ScaDS Logo

COMPETENCE CENTER
FOR SCALABLE DATA SERVICES
AND SOLUTIONS

Research Cluster Management

The high diversity of Big Data researchers’ requirements around ScaDS Dresden/Leipzig is not easily mapped to the many different computing resources available.

The Research in the Project ScaDS Dresden/Leipzig spans a very broad area of topics and fields and the corresponding expected IT infrastructure comprises a wide variety as well. The Apache Hadoop stack is quite common in the big data field but not the only one needed and even the Apache Hadoop stack can be required in many variations.

 

Variety of researchers requirements

ScaDS is working in many different research areas, this includes the disciplinary research areas of ScaDS and the computer science.

Here are only some examples of the Infrastructure requirements mentioned by researchers so far:

  • schedulers: Apache Hadoop stack (several specific versions) , slurm, separate cluster of computers
  • software: Apache Zookeeper, Apache HBase, KNIME, research area specific software, …
  • environment: Java (several specific versions), Docker, specific Linux OS, …
  • storage: Apache HDFS, Network storage, SSD, …

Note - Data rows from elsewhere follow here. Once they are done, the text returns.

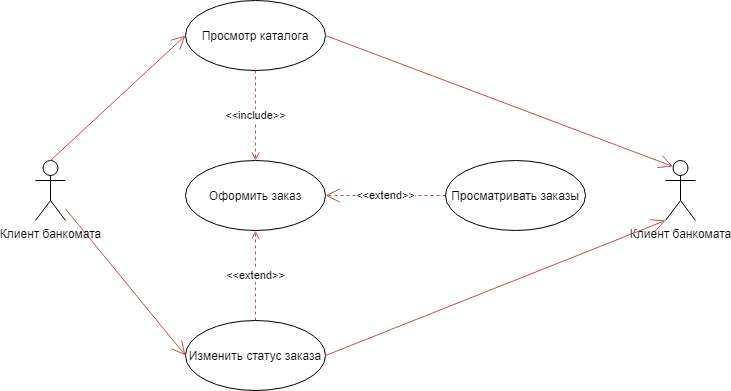

The diagram above was exported from draw.io. Its source (the exported page's mxGraphModel, read from the mxfile embedded in the PNG):
<mxGraphModel dx="981" dy="547" grid="1" gridSize="10" guides="1" tooltips="1" connect="1" arrows="1" fold="1" page="1" pageScale="1" pageWidth="827" pageHeight="1169" math="0" shadow="0">
  <root>
    <mxCell id="0" />
    <mxCell id="1" parent="0" />
    <mxCell id="gWYHH88n79dhSp1Qy9la-2" style="rounded=1;orthogonalLoop=1;jettySize=auto;html=1;entryX=0;entryY=0.5;entryDx=0;entryDy=0;endArrow=open;endFill=0;fillColor=#f8cecc;strokeColor=#b85450;endSize=12;startSize=6;" edge="1" parent="1" source="PWqwo7NNNlTT2nHvl_kv-25" target="PWqwo7NNNlTT2nHvl_kv-30">
      <mxGeometry relative="1" as="geometry" />
    </mxCell>
    <mxCell id="PWqwo7NNNlTT2nHvl_kv-25" value="Клиент банкомата" style="shape=umlActor;verticalLabelPosition=bottom;verticalAlign=top;html=1;" parent="1" vertex="1">
      <mxGeometry x="240" y="400" width="30" height="60" as="geometry" />
    </mxCell>
    <mxCell id="PWqwo7NNNlTT2nHvl_kv-28" value="Просмотр каталога" style="ellipse;whiteSpace=wrap;html=1;" parent="1" vertex="1">
      <mxGeometry x="390" y="240" width="140" height="70" as="geometry" />
    </mxCell>
    <mxCell id="PWqwo7NNNlTT2nHvl_kv-51" value="&amp;lt;&amp;lt;include&amp;gt;&amp;gt;" style="edgeStyle=none;rounded=0;orthogonalLoop=1;jettySize=auto;html=1;exitX=0.5;exitY=1;exitDx=0;exitDy=0;dashed=1;endArrow=open;endFill=0;entryX=0.5;entryY=0;entryDx=0;entryDy=0;fillColor=#f8cecc;strokeColor=#b85450;" parent="1" source="PWqwo7NNNlTT2nHvl_kv-28" target="PWqwo7NNNlTT2nHvl_kv-29" edge="1">
      <mxGeometry relative="1" as="geometry">
        <mxPoint x="550" y="360" as="targetPoint" />
      </mxGeometry>
    </mxCell>
    <mxCell id="PWqwo7NNNlTT2nHvl_kv-29" value="Оформить заказ" style="ellipse;whiteSpace=wrap;html=1;" parent="1" vertex="1">
      <mxGeometry x="390" y="400" width="140" height="70" as="geometry" />
    </mxCell>
    <mxCell id="PWqwo7NNNlTT2nHvl_kv-49" value="&amp;lt;&amp;lt;extend&amp;gt;&amp;gt;" style="edgeStyle=none;rounded=0;orthogonalLoop=1;jettySize=auto;html=1;exitX=0.5;exitY=0;exitDx=0;exitDy=0;endArrow=open;endFill=0;dashed=1;entryX=0.5;entryY=1;entryDx=0;entryDy=0;fillColor=#f8cecc;strokeColor=#b85450;" parent="1" source="PWqwo7NNNlTT2nHvl_kv-30" target="PWqwo7NNNlTT2nHvl_kv-29" edge="1">
      <mxGeometry relative="1" as="geometry">
        <mxPoint x="520" y="530" as="targetPoint" />
      </mxGeometry>
    </mxCell>
    <mxCell id="PWqwo7NNNlTT2nHvl_kv-30" value="Изменить статус заказа" style="ellipse;whiteSpace=wrap;html=1;" parent="1" vertex="1">
      <mxGeometry x="390" y="560" width="140" height="70" as="geometry" />
    </mxCell>
    <mxCell id="PWqwo7NNNlTT2nHvl_kv-39" value="" style="endArrow=open;endFill=0;endSize=12;html=1;entryX=0;entryY=0.5;entryDx=0;entryDy=0;exitX=0.5;exitY=0;exitDx=0;exitDy=0;exitPerimeter=0;fillColor=#f8cecc;strokeColor=#b85450;" parent="1" source="PWqwo7NNNlTT2nHvl_kv-25" target="PWqwo7NNNlTT2nHvl_kv-28" edge="1">
      <mxGeometry width="160" relative="1" as="geometry">
        <mxPoint x="490" y="470" as="sourcePoint" />
        <mxPoint x="380" y="270" as="targetPoint" />
      </mxGeometry>
    </mxCell>
    <mxCell id="gWYHH88n79dhSp1Qy9la-3" value="&amp;lt;&amp;lt;extend&amp;gt;&amp;gt;" style="edgeStyle=none;rounded=1;orthogonalLoop=1;jettySize=auto;html=1;entryX=1;entryY=0.5;entryDx=0;entryDy=0;startSize=6;endArrow=open;endFill=0;endSize=12;fillColor=#f8cecc;strokeColor=#b85450;dashed=1;" edge="1" parent="1" source="PWqwo7NNNlTT2nHvl_kv-46" target="PWqwo7NNNlTT2nHvl_kv-29">
      <mxGeometry relative="1" as="geometry" />
    </mxCell>
    <mxCell id="PWqwo7NNNlTT2nHvl_kv-46" value="Просматривать заказы" style="ellipse;whiteSpace=wrap;html=1;" parent="1" vertex="1">
      <mxGeometry x="650" y="400" width="140" height="70" as="geometry" />
    </mxCell>
    <mxCell id="gWYHH88n79dhSp1Qy9la-4" value="Клиент банкомата" style="shape=umlActor;verticalLabelPosition=bottom;verticalAlign=top;html=1;" vertex="1" parent="1">
      <mxGeometry x="870" y="400" width="30" height="60" as="geometry" />
    </mxCell>
    <mxCell id="gWYHH88n79dhSp1Qy9la-5" value="" style="endArrow=open;endFill=0;endSize=12;html=1;entryX=0.25;entryY=0.1;entryDx=0;entryDy=0;exitX=1;exitY=0.5;exitDx=0;exitDy=0;fillColor=#f8cecc;strokeColor=#b85450;entryPerimeter=0;" edge="1" parent="1" source="PWqwo7NNNlTT2nHvl_kv-28" target="gWYHH88n79dhSp1Qy9la-4">
      <mxGeometry width="160" relative="1" as="geometry">
        <mxPoint x="244.9999999999999" y="470" as="sourcePoint" />
        <mxPoint x="400" y="285" as="targetPoint" />
      </mxGeometry>
    </mxCell>
    <mxCell id="gWYHH88n79dhSp1Qy9la-6" value="" style="endArrow=open;endFill=0;endSize=12;html=1;entryX=0;entryY=1;entryDx=0;entryDy=0;exitX=1;exitY=0.5;exitDx=0;exitDy=0;fillColor=#f8cecc;strokeColor=#b85450;entryPerimeter=0;" edge="1" parent="1" source="PWqwo7NNNlTT2nHvl_kv-30" target="gWYHH88n79dhSp1Qy9la-4">
      <mxGeometry width="160" relative="1" as="geometry">
        <mxPoint x="609.9999999999999" y="735" as="sourcePoint" />
        <mxPoint x="765" y="550" as="targetPoint" />
      </mxGeometry>
    </mxCell>
  </root>
</mxGraphModel>

Of course researchers want to provide good documentation of their work, so topics like workflow management and provenance for their results are important to them.

 

Hardware resources in the environment of ScaDS

HPC

  • Taurus (ZIH Dresden)

Shared-Nothing-Cluster

  • Galaxy Dresden/Leipzig (URZ Leipzig)
  • bdclu (Ifi Leipzig)
  • some Cluster at the database dpartment Leipzig
  • small temporary Cluster of dektop computers

Virtual Machines

  • ZIH Dresden
  • URZ Leipzig

In Memory Server

  • ZIH Dresden
  • Sirius (in installatation) (URZ Leipzig)

 

Problem outline

Even with this broad range of ressources available developing an approach to map requirements to existing or to be developed infrastructure offers is an interesting research topic.

Example 1: Shared Nothing Scheduling:

When focusing for example on the shared nothing infrastructure referred to often in the big data area, one gets problems with software configuration management and data locality. A straight forward approach to enable several different cluster configurations on a set of resources is to build temporal subsets (called for example partitions or sub clusters) and configure them according to the specific need.


Example of different cluster partitions on a cluster with 18 nodes at different times (week 1 to 7)

 

The problem is to keep the different configurations manageable and reproducible. At the same time it is important to keep the overhead low to enable researchers to get reliable performance results.

One possible building block for a solution we are investigating is the usage of lightweight linux containers like the prominent example docker. Linux container offer near hardware performance and encapsulate the individual configuration and software stack needed.